You'd have to ignore namespaces for symbols with no symbolID, but that doesn't matter.

853

why not NSD->isAnonymous()?

(and generally prefer early continue rather than indenting the whole loop body)

854

rather than checking/printing the namespace every time it's encountered, collect a DenseMap<NamespaceDecl*, unsigned> and then run through them once at the end?

856

use printNamespaceScope() from AST.h, which correctly handles inline namespace, adds trailing "::" etc.

865

nit: to minimize the length of the locked section:

  • move the new signals into the shared_ptr first (here I think you can just allocate it with make_shared in the first place). This avoids locking the allocation + move constructor.
  • introduce a new scope for the locked section, and std::swap the shared_ptrs rather than moving. Together, this avoids locking the destructor of the old signals (it runs when the pointer you swapped it into goes out of scope, instead).
clang-tools-extra/clangd/TUScheduler.h
37

Neither the comment or the name really explain what this is or what's unusual about it.
I can't think of a great name, but the comment should mention:

  • the purpose (provide information that can only be extracted from the AST to actions that can't access an AST)
  • the limitations (may be absent, always stale)
  • example usage (information about what declarations are used in a file affects code-completion ranking)
40

ReferencedSymbols?

41

I have a hard time parsing this comment (what does it mean for a namespace to be present in the file?) Maybe:

/// Namespaces whose symbols are used in the file, and the number of such symbols.

Looking at the implementation, it looks like it's rather the number of symbol *occurrences*. I suspect distinct symbols as your comment here suggests would be better though. If one symbol from a namespace is used 100 times, that should boost that symbol a lot but not necessarily the namespace a lot.

clang-tools-extra/clangd/unittests/TUSchedulerTests.cpp
738

(untangling ASTSignals from TUScheduler should make this clearer to test directly, though you may still want to keep a simple smoke test here)

usaxena95 updated this revision to Diff 316669.Jan 14 2021, 8:19 AM
usaxena95 marked 13 inline comments as done.

Addressed comments.

usaxena95 added inline comments.Jan 14 2021, 8:19 AM
clang-tools-extra/clangd/TUScheduler.cpp
840

Moved struct and calculation to a separate file ASTSignals.h/cpp

850

My mental model suggested these must be namespaces from outside the file which are relevant to this file.
I suppose we can take care of this while using this (in CC signals calculation) and let these represent all namespaces including the primary one.
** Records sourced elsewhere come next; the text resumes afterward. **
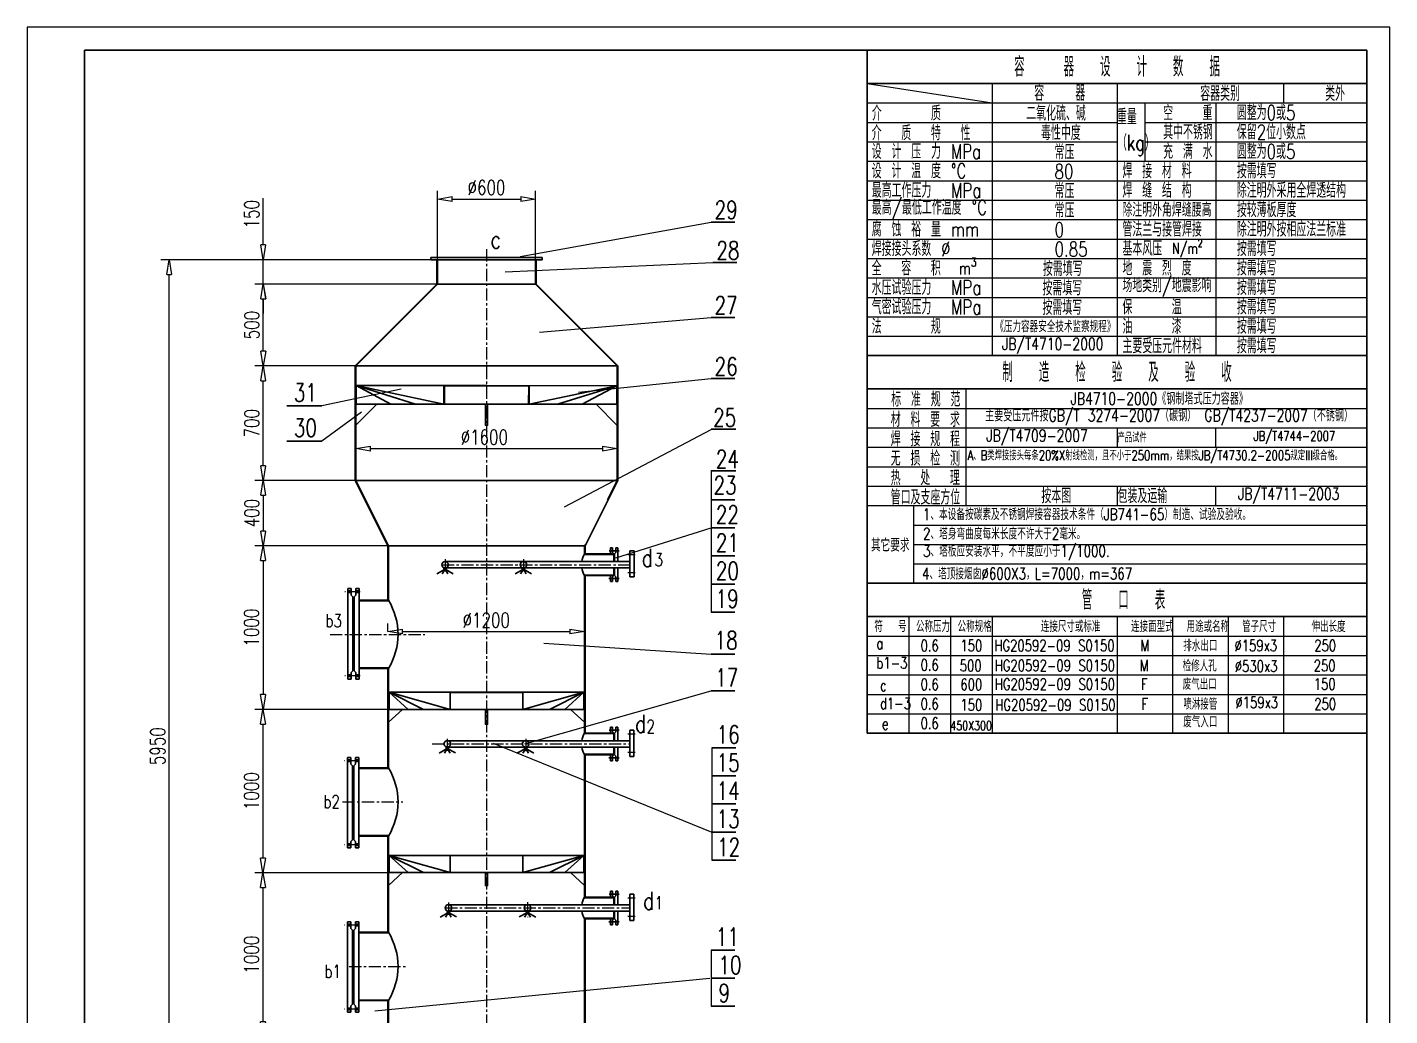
# Model space of a CAD drawing. Header units: inches. Extents: x -49906 to 274435, y 31852 to 49661.
# Drawn here: x 112765 to 121101, y 38021 to 44065 of the extents above; entities that cross this region are included whole.
import ezdxf
from ezdxf.enums import TextEntityAlignment as Align

# ---------------------------------------------------------------- set-up
doc = ezdxf.new("R2010")
doc.units = ezdxf.units.IN
doc.header["$LTSCALE"] = 60
doc.header["$MEASUREMENT"] = 0
doc.linetypes.add('CENTER', pattern=[2, 1.25, -0.25, 0.25, -0.25])
for name, color, linetype in [('cen', 1, 'CENTER'), ('文字', 3, 'Continuous'), ('细实线', 7, 'Continuous')]:
    doc.layers.add(name, color=color, linetype=linetype)
doc.layers.add('粗实线', color=7, linetype='Continuous', lineweight=30)
doc.styles.get("Standard").update_dxf_attribs({"font": 'txt.shx', "width": 0.75, "bigfont": 'hztxt.shx'})
doc.styles.add('中文', font='txt.shx', dxfattribs={"width": 0.75, "bigfont": 'gbcbig.shx'})
doc.dimstyles.new('ST1-1', dxfattribs={"dimtxt": 90, "dimasz": 90, "dimexe": 50, "dimexo": 0, "dimgap": 25, "dimtad": 1, "dimtxsty": 'Standard', "dimblk": 'CLOSEDBLANK', "dimcen": 3, "dimadec": 0, "dimazin": 0, "dimtfac": 1, "dimtmove": 0, "dimatfit": 3, "dimfxl": 1, "dimarcsym": 1})

# ---------------------------------------------------------------- blocks, each defined once
blk = doc.blocks.new('_CLOSEDBLANK')
at = {"color": 0, "linetype": 'ByBlock'}
for p, q in [((-1, 0.167), (0, 0)), ((-1, 0.167), (-1, -0.167)), ((0, 0), (-1, -0.167))]:
    blk.add_line(p, q, dxfattribs=at)
blk = doc.blocks.new('*D313')
at = {"layer": 'Defpoints', "color": 0}
for p in [(114207.9, 42644.1), (115274.5, 42644.1), (115274.5, 42494.1)]:
    blk.add_point(p, dxfattribs=at)
at = {"layer": '细实线', "color": 0, "lineweight": -2}
for p, q in [((114207.9, 42734.1), (114207.9, 43020.4)), ((115274.5, 42644.1), (114157.9, 42644.1)), ((114207.9, 42494.1), (114207.9, 42644.1)), ((115274.5, 42494.1), (114157.9, 42494.1)), ((114207.9, 42404.1), (114207.9, 42314.1))]:
    blk.add_line(p, q, dxfattribs=at)
at = {"layer": '细实线', "color": 0, "lineweight": -2, "xscale": 90, "yscale": 90, "zscale": 90}
for p, rotation in [((114207.9, 42644.1), 270), ((114207.9, 42494.1), 90)]:
    blk.add_blockref('_CLOSEDBLANK', p, dxfattribs=dict(at, rotation=rotation))
at = {"layer": '细实线', "color": 0, "insert": (114137.9, 42922.3), "char_height": 90, "attachment_point": 5, "rotation": 90, "style": '中文'}
blk.add_mtext('150', dxfattribs=at)
blk = doc.blocks.new('*D314')
at = {"layer": 'Defpoints', "color": 0}
for p in [(114208.1, 41994.1), (114774.5, 41994.1), (114774.5, 41294.1)]:
    blk.add_point(p, dxfattribs=at)
at = {"layer": '细实线', "color": 0, "lineweight": -2}
for p, q in [((114774.5, 41994.1), (114158.1, 41994.1)), ((114208.1, 41384.1), (114208.1, 41904.1)), ((114774.5, 41294.1), (114158.1, 41294.1))]:
    blk.add_line(p, q, dxfattribs=at)
at = {"layer": '细实线', "color": 0, "lineweight": -2, "xscale": 90, "yscale": 90, "zscale": 90}
for p, rotation in [((114208.1, 41994.1), 90), ((114208.1, 41294.1), 270)]:
    blk.add_blockref('_CLOSEDBLANK', p, dxfattribs=dict(at, rotation=rotation))
at = {"layer": '细实线', "color": 0, "insert": (114138.1, 41644.1), "char_height": 90, "attachment_point": 5, "rotation": 90, "style": '中文'}
blk.add_mtext('700', dxfattribs=at)
blk = doc.blocks.new('*D315')
at = {"layer": 'Defpoints', "color": 0}
for p in [(114974.5, 40894.1), (114207.4, 39894.1), (114974.5, 39894.1)]:
    blk.add_point(p, dxfattribs=at)
at = {"layer": '细实线', "color": 0, "lineweight": -2}
for p, q in [((114974.5, 40894.1), (114157.4, 40894.1)), ((114207.4, 40804.1), (114207.4, 39984.1)), ((114974.5, 39894.1), (114157.4, 39894.1))]:
    blk.add_line(p, q, dxfattribs=at)
at = {"layer": '细实线', "color": 0, "lineweight": -2, "xscale": 90, "yscale": 90, "zscale": 90}
for p, rotation in [((114207.4, 40894.1), 90), ((114207.4, 39894.1), 270)]:
    blk.add_blockref('_CLOSEDBLANK', p, dxfattribs=dict(at, rotation=rotation))
at = {"layer": '细实线', "color": 0, "insert": (114137.4, 40394.1), "char_height": 90, "attachment_point": 5, "rotation": 90, "style": '中文'}
blk.add_mtext('1000', dxfattribs=at)
blk = doc.blocks.new('*D293')
at = {"layer": 'Defpoints', "color": 0}
for p in [(114774.5, 41294.1), (114208.1, 40894.1), (114774.5, 40894.1)]:
    blk.add_point(p, dxfattribs=at)
at = {"layer": '细实线', "color": 0, "lineweight": -2}
for p, q in [((114774.5, 41294.1), (114158.1, 41294.1)), ((114208.1, 41204.1), (114208.1, 40984.1)), ((114774.5, 40894.1), (114158.1, 40894.1))]:
    blk.add_line(p, q, dxfattribs=at)
at = {"layer": '细实线', "color": 0, "lineweight": -2, "xscale": 90, "yscale": 90, "zscale": 90}
for p, rotation in [((114208.1, 41294.1), 90), ((114208.1, 40894.1), 270)]:
    blk.add_blockref('_CLOSEDBLANK', p, dxfattribs=dict(at, rotation=rotation))
at = {"layer": '细实线', "color": 0, "insert": (114138.1, 41094.1), "char_height": 90, "attachment_point": 5, "rotation": 90, "style": '中文'}
blk.add_mtext('400', dxfattribs=at)
blk = doc.blocks.new('*D294')
at = {"layer": 'Defpoints', "color": 0}
for p in [(114208.6, 42494.1), (115274.5, 42494.1), (114774.5, 41994.1)]:
    blk.add_point(p, dxfattribs=at)
at = {"layer": '细实线', "color": 0, "lineweight": -2}
for p, q in [((115274.5, 42494.1), (114158.6, 42494.1)), ((114208.6, 42084.1), (114208.6, 42404.1)), ((114774.5, 41994.1), (114158.6, 41994.1))]:
    blk.add_line(p, q, dxfattribs=at)
at = {"layer": '细实线', "color": 0, "lineweight": -2, "xscale": 90, "yscale": 90, "zscale": 90}
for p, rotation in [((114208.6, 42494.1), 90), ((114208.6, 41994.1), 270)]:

On a second thought: If we do not explicitly exclude primary namespace, the results from primary namespace will be boosted much more than the results from index which might be acceptable too.

852

Ignored NS without a valid SymbolID.
Counted distinct number of Symbols used per namespace.

853

I guess isAnonymous would cover most cases. I thought of excluding named NS in an anonymous NS but those are super rare I suppose and including those is not harmful too.

usaxena95 updated this revision to Diff 316670.Jan 14 2021, 8:25 AM

Removed unused headers.

sammccall accepted this revision.Jan 14 2021, 8:26 AM

Thanks!

clang-tools-extra/clangd/ASTSignals.cpp
9

this requires storing all the SymbolIDs again.

You could just have a counter instead. The trick is that you're already counting the number of times a symbol has been seen...

unsigned &SymbolCount = Signals.ReferencedSymbols[ID];
++SymbolCount;
if (SymbolCount == 1) { // first time seeing the symbol
  // increment counter for its namespace
}
Harbormaster completed remote builds in B85178: Diff 316670.
usaxena95 updated this revision to Diff 316681.Jan 14 2021, 9:27 AM

Addressed comments. Ready for landing.

usaxena95 updated this revision to Diff 316683.Jan 14 2021, 9:31 AM
usaxena95 marked an inline comment as done.

Added newline at end of new file.

This revision was landed with ongoing or failed builds.Jan 14 2021, 9:35 AM
This revision was automatically updated to reflect the committed changes.
Harbormaster completed remote builds in B85187: Diff 316681.